Superlative Nintendo Entertainment System
Superlatives are interesting things. Even though most reduce down to simply “better” or “best”, countless hundreds have become mainstays of the English lexicon. Just pick up any thesaurus and take a look. Seriously, try it. Oh, and when you’re done, look up the word “lexicon”. You know what it means? Thesaurus. I know, right? It’s all so meta. So meta in fact, it’s beyond meta. Fun fact: Meta comes from a Greek root meaning “beyond”. What does all this have to do with the Super Nintendo you ask? You’ve got some nerve mister.
One day, way back in the summer of 1986, my friend Franklin called me and said he had just got something called a “Nine Ten Doetainment Sister” for his birthday and that he wanted me to come over and “play it”. I had no idea what he was talking about.

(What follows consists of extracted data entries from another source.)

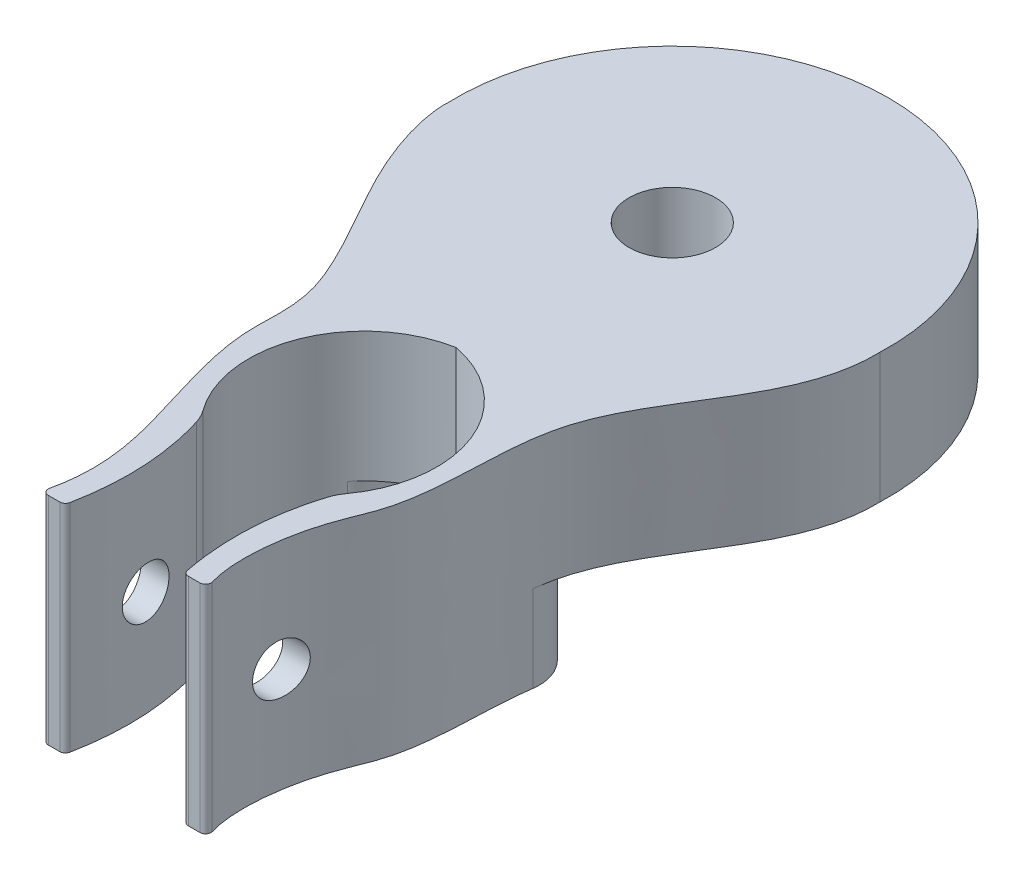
ISO-10303-21;
HEADER;
FILE_DESCRIPTION(('STEP AP214'),'2;1');
FILE_NAME('part.step','',(''),(''),'','','');
FILE_SCHEMA(('AUTOMOTIVE_DESIGN { 1 0 10303 214 1 1 1 1 }'));
ENDSEC;
DATA;
#1=APPLICATION_CONTEXT('core data for automotive mechanical design processes');
#2=APPLICATION_PROTOCOL_DEFINITION('international standard','automotive_design',2000,#1);
#3=PRODUCT_CONTEXT('',#1,'mechanical');
#4=PRODUCT('Part','Part','',(#3));
#5=PRODUCT_RELATED_PRODUCT_CATEGORY('part','',(#4));
#6=PRODUCT_DEFINITION_FORMATION('','',#4);
#7=PRODUCT_DEFINITION_CONTEXT('part definition',#1,'design');
#8=PRODUCT_DEFINITION('design','',#6,#7);
#9=PRODUCT_DEFINITION_SHAPE('','',#8);
#10=(LENGTH_UNIT() NAMED_UNIT(*) SI_UNIT(.MILLI.,.METRE.));
#11=(NAMED_UNIT(*) PLANE_ANGLE_UNIT() SI_UNIT($,.RADIAN.));
#12=(NAMED_UNIT(*) SI_UNIT($,.STERADIAN.) SOLID_ANGLE_UNIT());
#13=UNCERTAINTY_MEASURE_WITH_UNIT(LENGTH_MEASURE(1.E-05),#10,'distance_accuracy_value','');
#14=(GEOMETRIC_REPRESENTATION_CONTEXT(3) GLOBAL_UNCERTAINTY_ASSIGNED_CONTEXT((#13)) GLOBAL_UNIT_ASSIGNED_CONTEXT((#10,
#11,#12)) REPRESENTATION_CONTEXT('',''));
#15=CARTESIAN_POINT('',(0.,0.,0.));
#16=DIRECTION('',(0.,0.,1.));
#17=DIRECTION('',(1.,0.,0.));
#18=AXIS2_PLACEMENT_3D('',#15,#16,#17);
#19=CARTESIAN_POINT('',(-6.93411925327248,0.,15.7482204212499));
#20=DIRECTION('',(0.,-1.,0.));
#21=DIRECTION('',(0.,0.,-1.));
#22=AXIS2_PLACEMENT_3D('',#19,#20,#21);
#23=PLANE('',#22);
#24=CARTESIAN_POINT('',(-1.25597785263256,0.,19.3588384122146));
#25=DIRECTION('',(0.,-1.,0.));
#26=DIRECTION('',(0.,0.,-1.));
#27=AXIS2_PLACEMENT_3D('',#24,#25,#26);
#28=CIRCLE('',#27,6.77625334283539);
#29=CARTESIAN_POINT('',(3.97241342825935,0.,15.0482080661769));
#30=VERTEX_POINT('',#29);
#31=CARTESIAN_POINT('',(4.21241176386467,0.,23.3606285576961));
#32=VERTEX_POINT('',#31);
#33=EDGE_CURVE('E299',#30,#32,#28,.T.);
#34=ORIENTED_EDGE('',*,*,#33,.F.);
#35=CARTESIAN_POINT('',(5.93221528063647,0.,13.4324182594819));
#36=DIRECTION('',(0.,-1.,0.));
#37=DIRECTION('',(0.,0.,-1.));
#38=AXIS2_PLACEMENT_3D('',#35,#36,#37);
#39=CIRCLE('',#38,2.54);
#40=CARTESIAN_POINT('',(3.66205072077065,0.,12.293140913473));
#41=VERTEX_POINT('',#40);
#42=EDGE_CURVE('E59',#30,#41,#39,.T.);
#43=ORIENTED_EDGE('',*,*,#42,.T.);
#44=CARTESIAN_POINT('',(4.38720927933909,0.,14.7274262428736));
#45=DIRECTION('',(0.,-1.,0.));
#46=DIRECTION('',(0.,0.,-1.));
#47=AXIS2_PLACEMENT_3D('',#44,#45,#46);
#48=CIRCLE('',#47,2.54);
#49=CARTESIAN_POINT('',(6.90221502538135,0.,15.0828782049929));
#50=VERTEX_POINT('',#49);
#51=EDGE_CURVE('E254',#41,#50,#48,.T.);
#52=ORIENTED_EDGE('',*,*,#51,.T.);
#53=CARTESIAN_POINT('',(4.77346849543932,0.,31.7962230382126));
#54=CARTESIAN_POINT('',(4.26261652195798,0.,30.1479997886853));
#55=CARTESIAN_POINT('',(4.52523901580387,0.,26.6602313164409));
#56=CARTESIAN_POINT('',(7.08560364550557,0.,20.9954102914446));
#57=CARTESIAN_POINT('',(5.48854782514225,0.,11.2875043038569));
#58=CARTESIAN_POINT('',(12.8342449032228,0.,5.63803468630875));
#59=CARTESIAN_POINT('',(12.6900757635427,0.,0.501973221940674));
#60=B_SPLINE_CURVE_WITH_KNOTS('',3,(#53,#54,#55,#56,#57,#58,#59),.UNSPECIFIED.,.F.,.F.,(4,1,1,1,
4),(0.,0.239032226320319,0.296991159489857,0.579589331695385,1.),.UNSPECIFIED.);
#61=CARTESIAN_POINT('',(4.77346849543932,0.,31.7962230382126));
#62=VERTEX_POINT('',#61);
#63=EDGE_CURVE('E321',#62,#50,#60,.T.);
#64=ORIENTED_EDGE('',*,*,#63,.F.);
#65=CARTESIAN_POINT('',(4.45105676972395,0.,31.8682610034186));
#66=DIRECTION('',(0.,1.,0.));
#67=DIRECTION('',(0.,0.,-1.));
#68=AXIS2_PLACEMENT_3D('',#65,#66,#67);
#69=CIRCLE('',#68,0.330361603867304);
#70=CARTESIAN_POINT('',(4.45105676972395,0.,32.1986226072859));
#71=VERTEX_POINT('',#70);
#72=EDGE_CURVE('E320',#71,#62,#69,.T.);
#73=ORIENTED_EDGE('',*,*,#72,.F.);
#74=DIRECTION('',(1.,0.,0.));
#75=VECTOR('',#74,1.);
#76=CARTESIAN_POINT('',(4.45105676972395,0.,32.1986226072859));
#77=LINE('',#76,#75);
#78=CARTESIAN_POINT('',(3.77597646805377,0.,32.1986226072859));
#79=VERTEX_POINT('',#78);
#80=EDGE_CURVE('E318',#79,#71,#77,.T.);
#81=ORIENTED_EDGE('',*,*,#80,.F.);
#82=CARTESIAN_POINT('',(3.77597646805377,0.,31.8682610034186));
#83=DIRECTION('',(0.,1.,0.));
#84=DIRECTION('',(0.,0.,1.));
#85=AXIS2_PLACEMENT_3D('',#82,#83,#84);
#86=CIRCLE('',#85,0.330361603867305);
#87=CARTESIAN_POINT('',(3.45189480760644,0.,31.932369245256));
#88=VERTEX_POINT('',#87);
#89=EDGE_CURVE('E313',#88,#79,#86,.T.);
#90=ORIENTED_EDGE('',*,*,#89,.F.);
#91=CARTESIAN_POINT('',(3.83488723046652,0.,24.1124032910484));
#92=CARTESIAN_POINT('',(3.66684486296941,0.,24.6575247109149));
#93=CARTESIAN_POINT('',(3.02859140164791,0.,27.2020407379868));
#94=CARTESIAN_POINT('',(3.03837590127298,0.,29.8419376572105));
#95=CARTESIAN_POINT('',(3.45189480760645,0.,31.932369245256));
#96=B_SPLINE_CURVE_WITH_KNOTS('',3,(#91,#92,#93,#94,#95),.UNSPECIFIED.,.F.,.F.,(4,1,4),
(0.0550755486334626,0.252507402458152,0.969570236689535),.UNSPECIFIED.);
#97=CARTESIAN_POINT('',(3.83488723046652,0.,24.1124032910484));
#98=VERTEX_POINT('',#97);
#99=EDGE_CURVE('E309',#98,#88,#96,.T.);
#100=ORIENTED_EDGE('',*,*,#99,.F.);
#101=CARTESIAN_POINT('',(6.26217420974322,0.,24.8606531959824));
#102=DIRECTION('',(0.,1.,0.));
#103=DIRECTION('',(0.,0.,1.));
#104=AXIS2_PLACEMENT_3D('',#101,#102,#103);
#105=CIRCLE('',#104,2.54);
#106=EDGE_CURVE('E302',#32,#98,#105,.T.);
#107=ORIENTED_EDGE('',*,*,#106,.F.);
#108=EDGE_LOOP('',(#34,#43,#52,#64,#73,#81,#90,#100,#107));
#109=FACE_BOUND('',#108,.T.);
#110=ADVANCED_FACE('F32',(#109),#23,.T.);
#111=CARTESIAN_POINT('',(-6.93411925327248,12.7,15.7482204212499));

I assumed Franklin was high (again) and was seeing ‘skin spiders’ (again). But you know Franklin, what a nut. Anyway, I didn’t really have any friends and I was intrigued at this whole ‘Doetainment Sisters’ idea. So over I went. Once there, I discovered two things: 1) Franklins’ parents had actually got him a “Nintendo Entertainment System” for his birthday and, 2) Franklin wasn’t high at all. He was drunk. Very, very drunk. Seriously kids, stay in school.
That summer Franklin and I played his NES (a term I just invented just now) until school started. I remember it well. There were so many games. My favorite? It was a tie. Between all of them. I found it to be an amazing toy game system. It was better than an Odyssey, taped to the back of a ColecoVision, stapled to an Atari 2600. But as often happens, time passed and Franklin and his NES (mostly the latter) grew apart. Little did I know at the time, but the best was yet to come.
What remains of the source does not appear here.